__MATERIAL FOR THIS TASK__
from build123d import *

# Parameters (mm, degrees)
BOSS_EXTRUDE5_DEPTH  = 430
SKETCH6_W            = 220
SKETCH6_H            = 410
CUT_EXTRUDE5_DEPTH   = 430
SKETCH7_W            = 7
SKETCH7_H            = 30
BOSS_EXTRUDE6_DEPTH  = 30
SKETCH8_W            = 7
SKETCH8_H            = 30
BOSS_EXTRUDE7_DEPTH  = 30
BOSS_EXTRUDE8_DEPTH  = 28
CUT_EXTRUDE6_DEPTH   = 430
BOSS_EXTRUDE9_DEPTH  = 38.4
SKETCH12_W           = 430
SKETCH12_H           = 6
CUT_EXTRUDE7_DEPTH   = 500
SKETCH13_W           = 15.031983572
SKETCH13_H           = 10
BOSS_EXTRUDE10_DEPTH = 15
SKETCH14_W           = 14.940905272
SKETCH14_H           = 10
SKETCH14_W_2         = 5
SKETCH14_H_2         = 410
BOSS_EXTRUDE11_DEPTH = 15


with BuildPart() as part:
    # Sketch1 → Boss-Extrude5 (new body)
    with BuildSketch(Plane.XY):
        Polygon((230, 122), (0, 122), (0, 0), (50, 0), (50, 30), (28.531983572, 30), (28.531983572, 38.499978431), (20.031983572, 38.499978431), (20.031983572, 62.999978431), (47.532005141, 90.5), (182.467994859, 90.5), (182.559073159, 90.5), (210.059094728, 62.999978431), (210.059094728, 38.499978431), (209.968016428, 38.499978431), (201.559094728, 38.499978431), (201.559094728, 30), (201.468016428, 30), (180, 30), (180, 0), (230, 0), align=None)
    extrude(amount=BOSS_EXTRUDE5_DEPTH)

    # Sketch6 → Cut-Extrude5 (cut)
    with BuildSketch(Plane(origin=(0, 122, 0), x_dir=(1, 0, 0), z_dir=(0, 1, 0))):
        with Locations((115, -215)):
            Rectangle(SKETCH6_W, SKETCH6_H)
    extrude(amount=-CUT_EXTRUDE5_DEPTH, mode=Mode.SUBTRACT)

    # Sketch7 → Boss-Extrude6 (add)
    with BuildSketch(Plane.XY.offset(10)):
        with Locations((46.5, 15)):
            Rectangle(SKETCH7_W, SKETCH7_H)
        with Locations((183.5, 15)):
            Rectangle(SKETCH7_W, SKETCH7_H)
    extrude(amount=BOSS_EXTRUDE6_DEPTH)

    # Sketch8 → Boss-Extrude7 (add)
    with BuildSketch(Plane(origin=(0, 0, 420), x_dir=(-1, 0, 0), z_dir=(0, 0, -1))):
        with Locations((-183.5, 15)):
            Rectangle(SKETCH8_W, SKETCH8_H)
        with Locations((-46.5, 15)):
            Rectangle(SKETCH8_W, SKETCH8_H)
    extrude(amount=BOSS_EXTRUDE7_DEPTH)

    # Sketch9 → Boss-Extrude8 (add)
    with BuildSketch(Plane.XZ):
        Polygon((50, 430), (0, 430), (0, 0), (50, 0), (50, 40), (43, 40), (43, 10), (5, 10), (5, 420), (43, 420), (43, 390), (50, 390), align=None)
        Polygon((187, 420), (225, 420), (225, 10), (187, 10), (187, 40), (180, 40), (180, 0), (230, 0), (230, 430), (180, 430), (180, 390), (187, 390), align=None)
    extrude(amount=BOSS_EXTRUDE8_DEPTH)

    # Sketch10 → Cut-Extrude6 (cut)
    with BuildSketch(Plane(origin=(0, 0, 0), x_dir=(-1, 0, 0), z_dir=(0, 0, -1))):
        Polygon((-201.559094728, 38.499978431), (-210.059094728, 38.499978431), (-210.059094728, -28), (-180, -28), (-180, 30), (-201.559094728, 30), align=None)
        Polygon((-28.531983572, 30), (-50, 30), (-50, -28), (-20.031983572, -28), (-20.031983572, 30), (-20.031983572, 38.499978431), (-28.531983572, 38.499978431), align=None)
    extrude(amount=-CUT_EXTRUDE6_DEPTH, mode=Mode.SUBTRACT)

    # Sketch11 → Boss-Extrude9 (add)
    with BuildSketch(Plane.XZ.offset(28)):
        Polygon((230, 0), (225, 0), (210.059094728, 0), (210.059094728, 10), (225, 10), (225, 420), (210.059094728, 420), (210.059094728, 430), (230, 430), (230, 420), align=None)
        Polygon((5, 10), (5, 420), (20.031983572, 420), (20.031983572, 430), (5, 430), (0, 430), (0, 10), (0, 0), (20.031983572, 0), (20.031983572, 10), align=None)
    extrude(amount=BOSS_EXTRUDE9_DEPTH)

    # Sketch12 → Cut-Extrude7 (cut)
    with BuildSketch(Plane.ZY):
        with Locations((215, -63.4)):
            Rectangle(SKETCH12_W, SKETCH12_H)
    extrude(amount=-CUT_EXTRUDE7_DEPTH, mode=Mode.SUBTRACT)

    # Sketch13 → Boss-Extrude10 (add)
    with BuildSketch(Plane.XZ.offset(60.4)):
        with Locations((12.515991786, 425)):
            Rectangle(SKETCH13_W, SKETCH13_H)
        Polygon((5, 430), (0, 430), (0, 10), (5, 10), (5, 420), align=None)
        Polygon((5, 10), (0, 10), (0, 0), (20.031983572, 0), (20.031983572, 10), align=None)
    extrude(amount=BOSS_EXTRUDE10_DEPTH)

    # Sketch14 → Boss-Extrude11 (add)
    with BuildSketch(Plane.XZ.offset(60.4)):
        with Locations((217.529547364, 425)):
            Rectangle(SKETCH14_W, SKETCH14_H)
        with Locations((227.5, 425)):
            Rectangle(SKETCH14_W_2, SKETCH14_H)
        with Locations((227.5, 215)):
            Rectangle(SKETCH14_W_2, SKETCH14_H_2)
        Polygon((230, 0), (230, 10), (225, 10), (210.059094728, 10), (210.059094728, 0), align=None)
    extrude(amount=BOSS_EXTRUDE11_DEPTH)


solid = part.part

__YOUR INSTRUCTIONS__
Retype each line above, keeping every character.

__TASK ANSWER__
from build123d import *

# Parameters (mm, degrees)
BOSS_EXTRUDE5_DEPTH  = 430
SKETCH6_W            = 220
SKETCH6_H            = 410
CUT_EXTRUDE5_DEPTH   = 430
SKETCH7_W            = 7
SKETCH7_H            = 30
BOSS_EXTRUDE6_DEPTH  = 30
SKETCH8_W            = 7
SKETCH8_H            = 30
BOSS_EXTRUDE7_DEPTH  = 30
BOSS_EXTRUDE8_DEPTH  = 28
CUT_EXTRUDE6_DEPTH   = 430
BOSS_EXTRUDE9_DEPTH  = 38.4
SKETCH12_W           = 430
SKETCH12_H           = 6
CUT_EXTRUDE7_DEPTH   = 500
SKETCH13_W           = 15.031983572
SKETCH13_H           = 10
BOSS_EXTRUDE10_DEPTH = 15
SKETCH14_W           = 14.940905272
SKETCH14_H           = 10
SKETCH14_W_2         = 5
SKETCH14_H_2         = 410
BOSS_EXTRUDE11_DEPTH = 15


with BuildPart() as part:
    # Sketch1 → Boss-Extrude5 (new body)
    with BuildSketch(Plane.XY):
        Polygon((230, 122), (0, 122), (0, 0), (50, 0), (50, 30), (28.531983572, 30), (28.531983572, 38.499978431), (20.031983572, 38.499978431), (20.031983572, 62.999978431), (47.532005141, 90.5), (182.467994859, 90.5), (182.559073159, 90.5), (210.059094728, 62.999978431), (210.059094728, 38.499978431), (209.968016428, 38.499978431), (201.559094728, 38.499978431), (201.559094728, 30), (201.468016428, 30), (180, 30), (180, 0), (230, 0), align=None)
    extrude(amount=BOSS_EXTRUDE5_DEPTH)

    # Sketch6 → Cut-Extrude5 (cut)
    with BuildSketch(Plane(origin=(0, 122, 0), x_dir=(1, 0, 0), z_dir=(0, 1, 0))):
        with Locations((115, -215)):
            Rectangle(SKETCH6_W, SKETCH6_H)
    extrude(amount=-CUT_EXTRUDE5_DEPTH, mode=Mode.SUBTRACT)

    # Sketch7 → Boss-Extrude6 (add)
    with BuildSketch(Plane.XY.offset(10)):
        with Locations((46.5, 15)):
            Rectangle(SKETCH7_W, SKETCH7_H)
        with Locations((183.5, 15)):
            Rectangle(SKETCH7_W, SKETCH7_H)
    extrude(amount=BOSS_EXTRUDE6_DEPTH)

    # Sketch8 → Boss-Extrude7 (add)
    with BuildSketch(Plane(origin=(0, 0, 420), x_dir=(-1, 0, 0), z_dir=(0, 0, -1))):
        with Locations((-183.5, 15)):
            Rectangle(SKETCH8_W, SKETCH8_H)
        with Locations((-46.5, 15)):
            Rectangle(SKETCH8_W, SKETCH8_H)
    extrude(amount=BOSS_EXTRUDE7_DEPTH)

    # Sketch9 → Boss-Extrude8 (add)
    with BuildSketch(Plane.XZ):
        Polygon((50, 430), (0, 430), (0, 0), (50, 0), (50, 40), (43, 40), (43, 10), (5, 10), (5, 420), (43, 420), (43, 390), (50, 390), align=None)
        Polygon((187, 420), (225, 420), (225, 10), (187, 10), (187, 40), (180, 40), (180, 0), (230, 0), (230, 430), (180, 430), (180, 390), (187, 390), align=None)
    extrude(amount=BOSS_EXTRUDE8_DEPTH)

    # Sketch10 → Cut-Extrude6 (cut)
    with BuildSketch(Plane(origin=(0, 0, 0), x_dir=(-1, 0, 0), z_dir=(0, 0, -1))):
        Polygon((-201.559094728, 38.499978431), (-210.059094728, 38.499978431), (-210.059094728, -28), (-180, -28), (-180, 30), (-201.559094728, 30), align=None)
        Polygon((-28.531983572, 30), (-50, 30), (-50, -28), (-20.031983572, -28), (-20.031983572, 30), (-20.031983572, 38.499978431), (-28.531983572, 38.499978431), align=None)
    extrude(amount=-CUT_EXTRUDE6_DEPTH, mode=Mode.SUBTRACT)

    # Sketch11 → Boss-Extrude9 (add)
    with BuildSketch(Plane.XZ.offset(28)):
        Polygon((230, 0), (225, 0), (210.059094728, 0), (210.059094728, 10), (225, 10), (225, 420), (210.059094728, 420), (210.059094728, 430), (230, 430), (230, 420), align=None)
        Polygon((5, 10), (5, 420), (20.031983572, 420), (20.031983572, 430), (5, 430), (0, 430), (0, 10), (0, 0), (20.031983572, 0), (20.031983572, 10), align=None)
    extrude(amount=BOSS_EXTRUDE9_DEPTH)

    # Sketch12 → Cut-Extrude7 (cut)
    with BuildSketch(Plane.ZY):
        with Locations((215, -63.4)):
            Rectangle(SKETCH12_W, SKETCH12_H)
    extrude(amount=-CUT_EXTRUDE7_DEPTH, mode=Mode.SUBTRACT)

    # Sketch13 → Boss-Extrude10 (add)
    with BuildSketch(Plane.XZ.offset(60.4)):
        with Locations((12.515991786, 425)):
            Rectangle(SKETCH13_W, SKETCH13_H)
        Polygon((5, 430), (0, 430), (0, 10), (5, 10), (5, 420), align=None)
        Polygon((5, 10), (0, 10), (0, 0), (20.031983572, 0), (20.031983572, 10), align=None)
    extrude(amount=BOSS_EXTRUDE10_DEPTH)

    # Sketch14 → Boss-Extrude11 (add)
    with BuildSketch(Plane.XZ.offset(60.4)):
        with Locations((217.529547364, 425)):
            Rectangle(SKETCH14_W, SKETCH14_H)
        with Locations((227.5, 425)):
            Rectangle(SKETCH14_W_2, SKETCH14_H)
        with Locations((227.5, 215)):
            Rectangle(SKETCH14_W_2, SKETCH14_H_2)
        Polygon((230, 0), (230, 10), (225, 10), (210.059094728, 10), (210.059094728, 0), align=None)
    extrude(amount=BOSS_EXTRUDE11_DEPTH)


solid = part.part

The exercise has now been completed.